GstElement *sink = NULL, *nvvidconv1 = NULL,
    *outenc = NULL, *capfilt = NULL;
GstElement *queue6 = NULL, *queue7 = NULL;
GstCaps *caps = NULL;
gchar filename[]="debug/full_frame.jpg";

nvvidconv1 = gst_element_factory_make ("nvvideoconvert", "nvvid-converter1");
capfilt = gst_element_factory_make ("capsfilter", "nvvideo-caps");
queue6 = gst_element_factory_make ("queue", "queue6");
outenc = gst_element_factory_make ("jpegenc", "jpegenc");
queue7 = gst_element_factory_make ("queue", "queue7");
sink = gst_element_factory_make ("filesink", "nvvideo-renderer");

if (!nvvidconv1 || !sink  || !capfilt || !outenc || !queue6 || !queue7) {
    g_printerr ("One element could not be created.
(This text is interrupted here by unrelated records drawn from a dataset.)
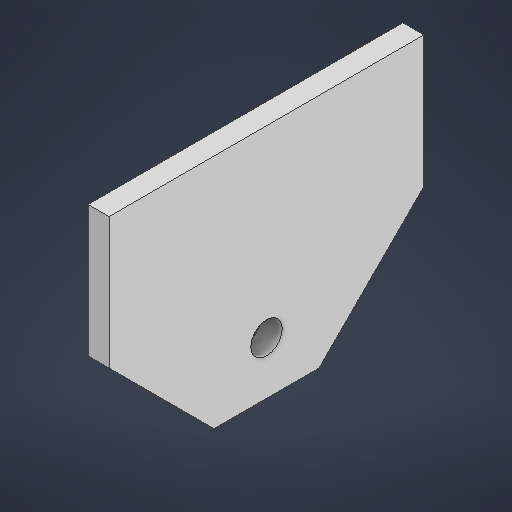
# Autodesk Inventor part: stickplate
Saved by Autodesk Inventor 2026.2 (Build 302298010, 298A)
## iProperties
Created: 2026-07-07
Part Number: stickplate
Material: Generic
Document SubType Name: Modeling
Designer: tasle
Density: 1 g/cm^3
Appearance: Default
Author: tasle
Autodesk Inventor part; units mm, degrees
ref_plane "YZ Plane" through (0, 0, 0) normal (1, 0, 0) x (0, 1, 0)
ref_plane "XZ Plane" through (0, 0, 0) normal (0, 1, 0) x (-1, 0, 0)
ref_plane "XY Plane" through (0, 0, 0) normal (0, 0, 1) x (1, 0, 0)
sketch "Sketch1" plane through (0, 0, 0) normal (1, 0, 0) x (0, 1, 0)
  line L0 (0, 0) -> (25, 0)
  line L1 (25, 0) -> (25, -60)
  line L2 (25, -60) -> (0, -60)
  line L3 (0, -60) -> (0, 0)
  line L4 (0, -20) -> (-20, -20)
  line L5 (-20, -20) -> (-20, -40)
  line L6 (-20, -40) -> (0, -40)
  line L7 (0, -40) -> (0, -20)
  line L8 (0, 0) -> (-20, -20)
  line L9 (-20, -40) -> (0, -60)
  line L10 (0, -30) -> (-20, -30)
  circle A0 centre (-10, -30) radius 3
  dimension "d0" = 25
  dimension "d1" = 60
  dimension "d2" = 20
  dimension "d3" = 20
  dimension "d4" = 6
  constraints: 22 end point, 4 midpoint, 4 parallel, 2 horizontal, 2 perpendicular, 1 centre point
  measures "d0" distance of L1.end L2.end
  measures "d1" distance of L0.end L1.end
  measures "d2" distance of L4.end L5.end
  measures "d3" distance of L5.end L6.end
  measures "d4" diameter of A0
extrude "Extrusion1" add sketch "Sketch1" along normal blind 4 contours L0 L1 L2 L3 | L3 L4 L8 | L3 L10 A0 L5 L4 | L3 L6 L5 L10 A0 | L9 L6 L3
body "Solid1"
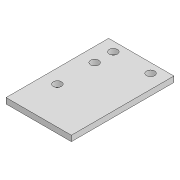
# Autodesk Inventor part: Print_Parts_S_Cap
Saved by Autodesk Inventor 2020 (Build 240168000, 168)
## iProperties
Created: 2020-11-09
Part Number: Print_Parts_S_Cap
Material: 一般
Document SubType Name: Modeling
Designer: kenta iguchi
Density: 1 g/cm^3
Appearance: 既定
Author: kenta iguchi
Autodesk Inventor part; units mm, degrees
ref_plane "YZ Plane" through (0, 0, 0) normal (1, 0, 0) x (0, 1, 0)
ref_plane "XZ Plane" through (0, 0, 0) normal (0, 1, 0) x (-1, 0, 0)
ref_plane "XY Plane" through (0, 0, 0) normal (0, 0, 1) x (1, 0, 0)
sketch "スケッチ43" plane through (0, 0, 0) normal (0, 1, 0) x (-1, 0, 0)
  line L0 (0, 0) -> (35, 0)
  line L1 (35, 0) -> (35, -40)
  line L2 (35, -40) -> (0, -40)
  line L3 (0, -40) -> (0, 0)
  line L4 (35, -23.85) -> (25, -23.85)
  line L5 (25, -23.85) -> (25, -36.15)
  line L6 (25, -36.15) -> (35, -36.15)
  line L7 (35, -36.15) -> (35, -23.85)
  line L8 (25, -36.15) -> (35, -36.15)
  line L9 (35, -36.15) -> (35, -40)
  line L10 (35, -40) -> (25, -40)
  line L11 (25, -40) -> (25, -36.15)
  point P0 (25, -30)
  dimension "d198" = 40
  dimension "d200" = 12.3
  dimension "d201" = 10
  dimension "d202" = 10
  dimension "d203" = 25
  constraints: 24 end point, 6 parallel, 3 horizontal, 3 perpendicular, 1 midpoint, 1 point on line
  measures "d198" distance of L0.end L1.end
  measures "d200" distance of L4.end L5.end
  measures "d201" distance of L5.end L6.end
  measures "d202" distance from line of L2 point (25, -30)
  measures "d203" distance from line of point (25, -30) L3
extrude "押し出し34" add sketch "スケッチ43" along normal blind 3
sketch "スケッチ45" plane through (0, 3, 0) normal (0, 1, 0) x (1, 0, 0)
  line L0 (-35, 40) -> (-35, 0) projected
  line L1 (-35, 0) -> (0, 0) projected
  line L2 (0, 0) -> (0, 40) projected
  line L3 (0, 40) -> (-35, 40) projected
  line L4 (0, 0) -> (0, 40) projected
  line L5 (0, 40) -> (-35, 40)
  line L6 (-35, 40) -> (-35, 55)
  line L7 (-35, 55) -> (0, 55)
  line L8 (0, 55) -> (0, 40)
  point P0 (-35, 40)
  dimension "d217" = 15
  constraints: 8 end point, 2 parallel, 1 horizontal, 1 perpendicular, 1 vertical alignment
  measures "d217" distance of L5.end L6.end
extrude "押し出し35" add sketch "スケッチ45" against normal up to surface (3 mm away) contours L6 L7 L8 L3
sketch "スケッチ46" plane through (0, 3, 0) normal (0, 1, 0) x (1, 0, 0)
  line L0 (-35, 0) -> (0, 0) projected
  line L1 (0, 0) -> (0, 55) projected
  line L2 (0, 55) -> (-35, 55) projected
  line L3 (-35, 55) -> (-35, 0) projected
  point P0 (-27.5, 20)
  point P1 (-27.5, 40)
  point P2 (-27.5, 50)
  point P3 (-7.5, 50)
  dimension "d220" = 20
  dimension "d223" = 20
  dimension "d224" = 10
  dimension "d233" = 7.5
  constraints: 2 vertical alignment, 1 horizontal alignment
  measures "d220" distance of point (-27.5, 40) point (-27.5, 20)
  measures "d223" distance of point (-27.5, 50) point (-7.5, 50)
  measures "d224" distance of point (-27.5, 50) point (-27.5, 40)
  measures "d233" distance from line of point (-27.5, 50) L3
hole "穴8" at (-27.5, 3, -20) at (-27.5, 3, -40) at (-27.5, 3, -50) at (-7.5, 3, -50) direction (0, -1, 0) diameter 4.4 end through all

Exiting.\n");
    return;
}
        
caps =
    gst_caps_new_simple ("video/x-raw", "format", G_TYPE_STRING,
        "I420", NULL);
g_object_set (G_OBJECT (capfilt), "caps", caps, NULL);

g_object_set (G_OBJECT (sink), "sync", 0, "async", false,NULL);
g_object_set (G_OBJECT (sink), "location", filename,NULL);
g_object_set (G_OBJECT (sink), "enable-last-sample", false,NULL);
gst_bin_add_many (GST_BIN (appCtx[0]->pipeline.pipeline), nvvidconv1, outenc, capfilt, 
    queue6, queue7, NULL);

if (!appCtx[0]->pipeline.instance_bins[0].osd_bin.nvosd) {
    g_printerr ("nvosd=NULL\n");
    return;
}
        
if (!gst_element_link_many (appCtx[0]->pipeline.instance_bins[0].osd_bin.nvosd, queue6, nvvidconv1, capfilt, queue7,
    outenc, sink, NULL)) {
    g_printerr ("OSD and sink elements link failure.\n");
    return;
}

and it fails to link elements, I get “OSD and sink elements link failure.”
How can I make it work?
Just a remainder, the graph of my pipeline is in my previous message and my application is based on deepstream-app so it uses those NvDsPipeline structures.

Please debug by yourself.

That’s fantastic, honestly.
Nvidia provides no source code, no documentation, no examples and no slightest help to developers in forum apart from “please debug by yourself” - that’s the way to go.
That’s the way to gain new users of their solutions.
Definitely wouldn’t recommend Nvidia to any business based on that from now on.